--- Task description ---
Retype, exactly as they appear below, the lines between the line holding "#114=DIRECTION('',(1.,0.,0.));" and the line holding "#158=VERTEX_POINT('',#157);", both ends included.
START Provided entries
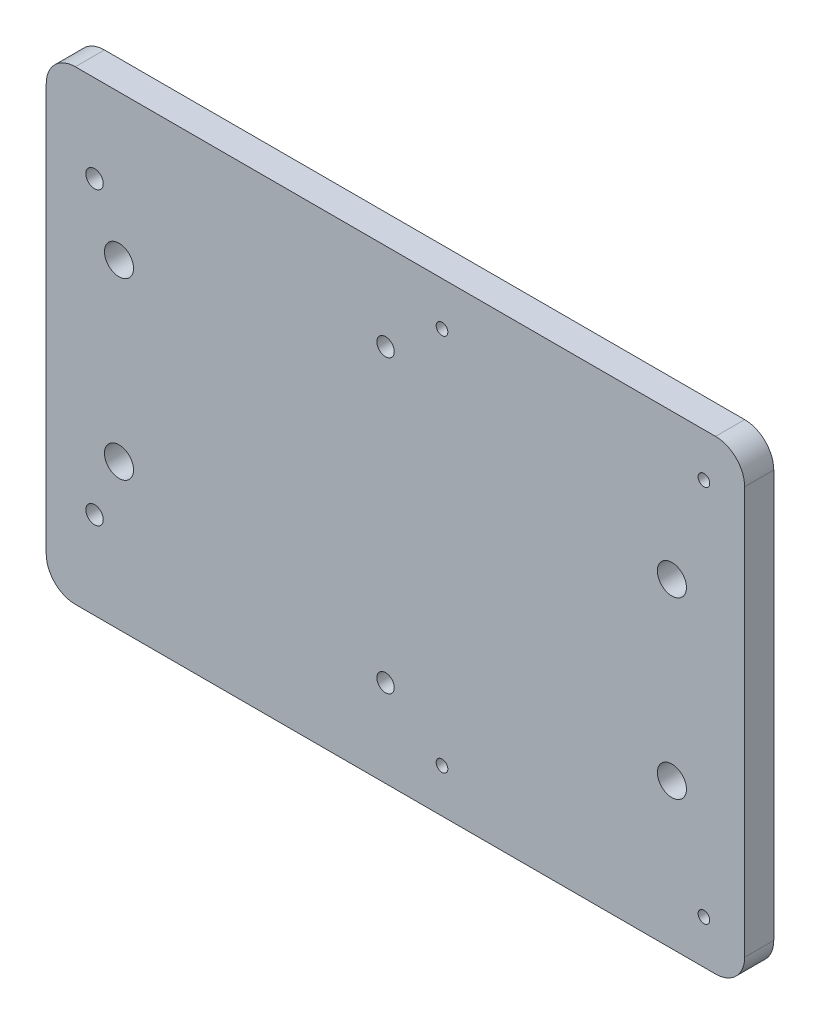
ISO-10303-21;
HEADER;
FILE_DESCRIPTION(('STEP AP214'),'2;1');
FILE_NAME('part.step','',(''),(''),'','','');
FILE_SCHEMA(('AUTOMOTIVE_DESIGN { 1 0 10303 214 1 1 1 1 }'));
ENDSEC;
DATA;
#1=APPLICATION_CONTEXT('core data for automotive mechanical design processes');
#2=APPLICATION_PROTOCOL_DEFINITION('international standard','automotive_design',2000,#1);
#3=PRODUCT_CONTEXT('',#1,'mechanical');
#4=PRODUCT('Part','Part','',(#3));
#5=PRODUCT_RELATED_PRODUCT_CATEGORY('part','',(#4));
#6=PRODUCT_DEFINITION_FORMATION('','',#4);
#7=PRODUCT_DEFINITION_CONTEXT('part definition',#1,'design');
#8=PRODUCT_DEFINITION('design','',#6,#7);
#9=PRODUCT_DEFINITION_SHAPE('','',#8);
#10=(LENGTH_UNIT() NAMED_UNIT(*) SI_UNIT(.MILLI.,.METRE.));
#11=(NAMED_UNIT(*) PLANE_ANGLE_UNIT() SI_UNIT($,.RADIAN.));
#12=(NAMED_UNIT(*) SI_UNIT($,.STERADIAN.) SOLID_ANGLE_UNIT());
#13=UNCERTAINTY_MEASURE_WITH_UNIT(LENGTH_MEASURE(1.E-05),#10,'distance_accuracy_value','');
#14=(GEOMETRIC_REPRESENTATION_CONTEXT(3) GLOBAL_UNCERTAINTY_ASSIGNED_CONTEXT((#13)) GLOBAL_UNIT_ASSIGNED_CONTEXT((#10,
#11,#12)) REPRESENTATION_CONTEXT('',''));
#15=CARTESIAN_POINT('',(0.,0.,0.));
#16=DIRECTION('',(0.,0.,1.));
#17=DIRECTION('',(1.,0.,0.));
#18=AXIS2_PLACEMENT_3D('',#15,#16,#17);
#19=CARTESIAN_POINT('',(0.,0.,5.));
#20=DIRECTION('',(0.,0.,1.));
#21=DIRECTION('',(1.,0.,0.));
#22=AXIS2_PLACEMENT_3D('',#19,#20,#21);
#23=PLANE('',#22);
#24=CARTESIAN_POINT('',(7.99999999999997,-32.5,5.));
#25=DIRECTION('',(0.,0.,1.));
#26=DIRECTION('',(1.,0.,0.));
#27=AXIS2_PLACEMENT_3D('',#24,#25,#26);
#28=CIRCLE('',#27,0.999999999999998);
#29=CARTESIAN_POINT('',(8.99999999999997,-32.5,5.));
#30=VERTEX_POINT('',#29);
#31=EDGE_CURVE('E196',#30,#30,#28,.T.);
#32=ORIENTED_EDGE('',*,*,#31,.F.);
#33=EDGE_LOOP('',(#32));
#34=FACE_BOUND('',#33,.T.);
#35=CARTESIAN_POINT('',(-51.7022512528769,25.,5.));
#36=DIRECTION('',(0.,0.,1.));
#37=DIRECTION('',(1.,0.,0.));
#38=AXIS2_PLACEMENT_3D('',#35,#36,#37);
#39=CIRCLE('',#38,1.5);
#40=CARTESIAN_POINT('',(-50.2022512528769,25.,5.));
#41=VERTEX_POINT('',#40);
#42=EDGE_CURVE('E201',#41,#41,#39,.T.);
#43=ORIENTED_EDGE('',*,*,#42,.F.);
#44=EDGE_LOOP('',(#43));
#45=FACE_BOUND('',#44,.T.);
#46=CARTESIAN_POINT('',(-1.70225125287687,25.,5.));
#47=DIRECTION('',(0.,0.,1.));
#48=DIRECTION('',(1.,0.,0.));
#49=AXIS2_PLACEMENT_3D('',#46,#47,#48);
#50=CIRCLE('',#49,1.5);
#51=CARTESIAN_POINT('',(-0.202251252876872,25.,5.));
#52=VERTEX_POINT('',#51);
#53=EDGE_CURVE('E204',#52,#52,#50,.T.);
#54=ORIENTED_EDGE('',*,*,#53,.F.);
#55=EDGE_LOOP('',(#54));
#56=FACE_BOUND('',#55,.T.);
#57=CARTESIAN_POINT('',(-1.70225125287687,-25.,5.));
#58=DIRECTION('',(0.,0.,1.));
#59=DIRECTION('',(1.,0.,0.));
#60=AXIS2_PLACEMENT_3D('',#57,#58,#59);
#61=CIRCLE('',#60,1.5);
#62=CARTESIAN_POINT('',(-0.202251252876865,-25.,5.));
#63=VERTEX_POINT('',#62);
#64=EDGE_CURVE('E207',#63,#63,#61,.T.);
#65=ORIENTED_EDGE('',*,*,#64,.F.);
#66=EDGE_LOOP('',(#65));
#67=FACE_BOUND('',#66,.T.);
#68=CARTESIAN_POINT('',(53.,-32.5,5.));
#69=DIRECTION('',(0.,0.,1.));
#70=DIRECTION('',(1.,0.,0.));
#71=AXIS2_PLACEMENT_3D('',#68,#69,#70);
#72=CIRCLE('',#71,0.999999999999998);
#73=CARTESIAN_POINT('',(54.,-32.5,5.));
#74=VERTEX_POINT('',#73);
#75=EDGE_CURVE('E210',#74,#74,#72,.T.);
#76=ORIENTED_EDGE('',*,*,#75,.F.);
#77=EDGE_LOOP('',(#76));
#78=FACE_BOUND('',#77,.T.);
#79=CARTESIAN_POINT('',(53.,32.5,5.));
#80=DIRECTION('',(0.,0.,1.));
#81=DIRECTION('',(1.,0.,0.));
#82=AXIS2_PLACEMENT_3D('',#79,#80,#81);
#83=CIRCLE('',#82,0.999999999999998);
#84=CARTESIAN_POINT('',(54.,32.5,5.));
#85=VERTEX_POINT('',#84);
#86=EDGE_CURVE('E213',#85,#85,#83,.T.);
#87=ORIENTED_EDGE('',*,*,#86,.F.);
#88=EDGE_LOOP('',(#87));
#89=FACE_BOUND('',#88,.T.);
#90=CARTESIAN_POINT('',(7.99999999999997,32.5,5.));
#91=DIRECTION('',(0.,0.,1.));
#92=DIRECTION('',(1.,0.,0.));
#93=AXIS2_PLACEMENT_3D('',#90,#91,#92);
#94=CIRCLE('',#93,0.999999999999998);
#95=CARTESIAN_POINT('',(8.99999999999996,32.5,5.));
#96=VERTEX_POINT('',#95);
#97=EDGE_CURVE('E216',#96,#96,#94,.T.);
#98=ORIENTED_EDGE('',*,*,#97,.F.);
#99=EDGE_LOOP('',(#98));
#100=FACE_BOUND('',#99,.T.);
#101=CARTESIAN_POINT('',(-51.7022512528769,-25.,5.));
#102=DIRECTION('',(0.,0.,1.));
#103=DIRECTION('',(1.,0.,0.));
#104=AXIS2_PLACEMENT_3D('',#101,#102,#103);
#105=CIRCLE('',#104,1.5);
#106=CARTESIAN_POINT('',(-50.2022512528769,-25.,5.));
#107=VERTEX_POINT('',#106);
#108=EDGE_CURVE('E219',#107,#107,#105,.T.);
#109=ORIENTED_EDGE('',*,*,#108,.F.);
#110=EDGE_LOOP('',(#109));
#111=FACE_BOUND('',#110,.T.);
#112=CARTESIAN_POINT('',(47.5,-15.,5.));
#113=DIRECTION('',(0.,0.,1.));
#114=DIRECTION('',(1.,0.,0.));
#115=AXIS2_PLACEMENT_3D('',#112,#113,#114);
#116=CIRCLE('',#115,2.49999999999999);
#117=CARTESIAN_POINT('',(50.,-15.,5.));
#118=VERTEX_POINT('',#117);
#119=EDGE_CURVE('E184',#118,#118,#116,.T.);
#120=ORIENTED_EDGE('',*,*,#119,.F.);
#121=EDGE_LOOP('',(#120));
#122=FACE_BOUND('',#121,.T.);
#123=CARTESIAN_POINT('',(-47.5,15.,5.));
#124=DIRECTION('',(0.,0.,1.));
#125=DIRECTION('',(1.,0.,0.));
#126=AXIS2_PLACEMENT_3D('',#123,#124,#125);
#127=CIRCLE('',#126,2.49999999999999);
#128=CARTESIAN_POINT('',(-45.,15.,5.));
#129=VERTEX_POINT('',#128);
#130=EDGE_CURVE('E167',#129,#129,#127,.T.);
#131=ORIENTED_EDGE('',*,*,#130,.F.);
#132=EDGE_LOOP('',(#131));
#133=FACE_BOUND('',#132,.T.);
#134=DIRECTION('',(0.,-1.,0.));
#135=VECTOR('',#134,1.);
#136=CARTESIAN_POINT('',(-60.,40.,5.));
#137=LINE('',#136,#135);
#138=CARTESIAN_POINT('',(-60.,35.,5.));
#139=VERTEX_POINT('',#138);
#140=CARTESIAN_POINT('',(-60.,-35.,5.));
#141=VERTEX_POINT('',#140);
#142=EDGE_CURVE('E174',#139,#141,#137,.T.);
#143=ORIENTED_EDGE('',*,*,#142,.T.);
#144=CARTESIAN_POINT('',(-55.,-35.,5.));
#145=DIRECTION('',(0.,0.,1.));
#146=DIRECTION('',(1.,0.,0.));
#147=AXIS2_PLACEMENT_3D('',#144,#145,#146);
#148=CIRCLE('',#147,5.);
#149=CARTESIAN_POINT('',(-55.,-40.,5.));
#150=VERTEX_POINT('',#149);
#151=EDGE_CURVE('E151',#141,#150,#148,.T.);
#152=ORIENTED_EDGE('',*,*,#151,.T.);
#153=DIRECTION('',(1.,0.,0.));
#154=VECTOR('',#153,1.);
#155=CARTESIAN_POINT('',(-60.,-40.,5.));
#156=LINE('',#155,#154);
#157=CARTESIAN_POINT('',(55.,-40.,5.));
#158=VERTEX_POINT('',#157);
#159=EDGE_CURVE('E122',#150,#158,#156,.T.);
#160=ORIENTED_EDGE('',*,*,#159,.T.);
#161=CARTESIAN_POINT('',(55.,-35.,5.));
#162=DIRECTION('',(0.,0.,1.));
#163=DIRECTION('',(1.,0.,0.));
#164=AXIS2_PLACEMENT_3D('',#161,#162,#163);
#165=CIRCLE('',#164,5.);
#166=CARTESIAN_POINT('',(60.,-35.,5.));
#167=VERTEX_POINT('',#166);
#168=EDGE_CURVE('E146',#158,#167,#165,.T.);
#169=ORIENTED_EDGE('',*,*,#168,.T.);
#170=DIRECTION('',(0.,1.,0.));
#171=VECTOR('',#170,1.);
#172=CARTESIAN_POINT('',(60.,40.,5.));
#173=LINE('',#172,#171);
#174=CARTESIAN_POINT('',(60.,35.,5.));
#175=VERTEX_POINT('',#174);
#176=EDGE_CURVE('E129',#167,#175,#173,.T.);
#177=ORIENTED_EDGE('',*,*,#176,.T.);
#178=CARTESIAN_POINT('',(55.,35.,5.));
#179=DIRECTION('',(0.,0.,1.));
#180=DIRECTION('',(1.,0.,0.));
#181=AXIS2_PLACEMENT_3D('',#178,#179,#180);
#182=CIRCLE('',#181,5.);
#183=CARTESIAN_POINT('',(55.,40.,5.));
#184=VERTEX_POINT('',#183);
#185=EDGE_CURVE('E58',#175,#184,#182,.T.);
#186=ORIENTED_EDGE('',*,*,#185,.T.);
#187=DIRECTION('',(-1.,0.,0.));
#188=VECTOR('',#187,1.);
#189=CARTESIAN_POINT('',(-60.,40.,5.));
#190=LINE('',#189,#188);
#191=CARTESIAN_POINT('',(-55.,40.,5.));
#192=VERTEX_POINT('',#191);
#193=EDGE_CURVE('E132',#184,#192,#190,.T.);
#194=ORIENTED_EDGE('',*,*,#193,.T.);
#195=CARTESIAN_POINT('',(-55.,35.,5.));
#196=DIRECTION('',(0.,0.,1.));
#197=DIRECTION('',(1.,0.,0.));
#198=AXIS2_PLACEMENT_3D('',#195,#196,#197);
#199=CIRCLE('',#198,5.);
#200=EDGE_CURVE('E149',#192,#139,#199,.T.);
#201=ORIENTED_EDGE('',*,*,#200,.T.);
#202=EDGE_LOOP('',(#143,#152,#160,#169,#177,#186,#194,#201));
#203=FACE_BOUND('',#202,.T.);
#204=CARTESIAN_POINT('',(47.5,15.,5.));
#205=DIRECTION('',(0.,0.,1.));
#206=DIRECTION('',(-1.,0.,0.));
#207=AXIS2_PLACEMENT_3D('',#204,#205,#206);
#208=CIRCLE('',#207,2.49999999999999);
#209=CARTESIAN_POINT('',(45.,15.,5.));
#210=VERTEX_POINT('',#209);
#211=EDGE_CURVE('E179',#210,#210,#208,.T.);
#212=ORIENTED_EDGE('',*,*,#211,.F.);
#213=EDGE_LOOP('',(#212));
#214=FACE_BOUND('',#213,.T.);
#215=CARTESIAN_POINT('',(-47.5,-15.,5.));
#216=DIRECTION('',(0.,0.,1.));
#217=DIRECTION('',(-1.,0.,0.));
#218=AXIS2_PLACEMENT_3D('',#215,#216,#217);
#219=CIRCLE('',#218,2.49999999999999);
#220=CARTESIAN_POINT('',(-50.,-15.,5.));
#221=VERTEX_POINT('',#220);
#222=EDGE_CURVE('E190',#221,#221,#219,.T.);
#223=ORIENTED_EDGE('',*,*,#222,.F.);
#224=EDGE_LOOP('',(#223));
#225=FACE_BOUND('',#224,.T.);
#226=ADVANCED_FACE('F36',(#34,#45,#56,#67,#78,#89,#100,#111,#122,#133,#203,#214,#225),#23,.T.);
END Provided entries
--- Response area ---
#114=DIRECTION('',(1.,0.,0.));
#115=AXIS2_PLACEMENT_3D('',#112,#113,#114);
#116=CIRCLE('',#115,2.49999999999999);
#117=CARTESIAN_POINT('',(50.,-15.,5.));
#118=VERTEX_POINT('',#117);
#119=EDGE_CURVE('E184',#118,#118,#116,.T.);
#120=ORIENTED_EDGE('',*,*,#119,.F.);
#121=EDGE_LOOP('',(#120));
#122=FACE_BOUND('',#121,.T.);
#123=CARTESIAN_POINT('',(-47.5,15.,5.));
#124=DIRECTION('',(0.,0.,1.));
#125=DIRECTION('',(1.,0.,0.));
#126=AXIS2_PLACEMENT_3D('',#123,#124,#125);
#127=CIRCLE('',#126,2.49999999999999);
#128=CARTESIAN_POINT('',(-45.,15.,5.));
#129=VERTEX_POINT('',#128);
#130=EDGE_CURVE('E167',#129,#129,#127,.T.);
#131=ORIENTED_EDGE('',*,*,#130,.F.);
#132=EDGE_LOOP('',(#131));
#133=FACE_BOUND('',#132,.T.);
#134=DIRECTION('',(0.,-1.,0.));
#135=VECTOR('',#134,1.);
#136=CARTESIAN_POINT('',(-60.,40.,5.));
#137=LINE('',#136,#135);
#138=CARTESIAN_POINT('',(-60.,35.,5.));
#139=VERTEX_POINT('',#138);
#140=CARTESIAN_POINT('',(-60.,-35.,5.));
#141=VERTEX_POINT('',#140);
#142=EDGE_CURVE('E174',#139,#141,#137,.T.);
#143=ORIENTED_EDGE('',*,*,#142,.T.);
#144=CARTESIAN_POINT('',(-55.,-35.,5.));
#145=DIRECTION('',(0.,0.,1.));
#146=DIRECTION('',(1.,0.,0.));
#147=AXIS2_PLACEMENT_3D('',#144,#145,#146);
#148=CIRCLE('',#147,5.);
#149=CARTESIAN_POINT('',(-55.,-40.,5.));
#150=VERTEX_POINT('',#149);
#151=EDGE_CURVE('E151',#141,#150,#148,.T.);
#152=ORIENTED_EDGE('',*,*,#151,.T.);
#153=DIRECTION('',(1.,0.,0.));
#154=VECTOR('',#153,1.);
#155=CARTESIAN_POINT('',(-60.,-40.,5.));
#156=LINE('',#155,#154);
#157=CARTESIAN_POINT('',(55.,-40.,5.));
#158=VERTEX_POINT('',#157);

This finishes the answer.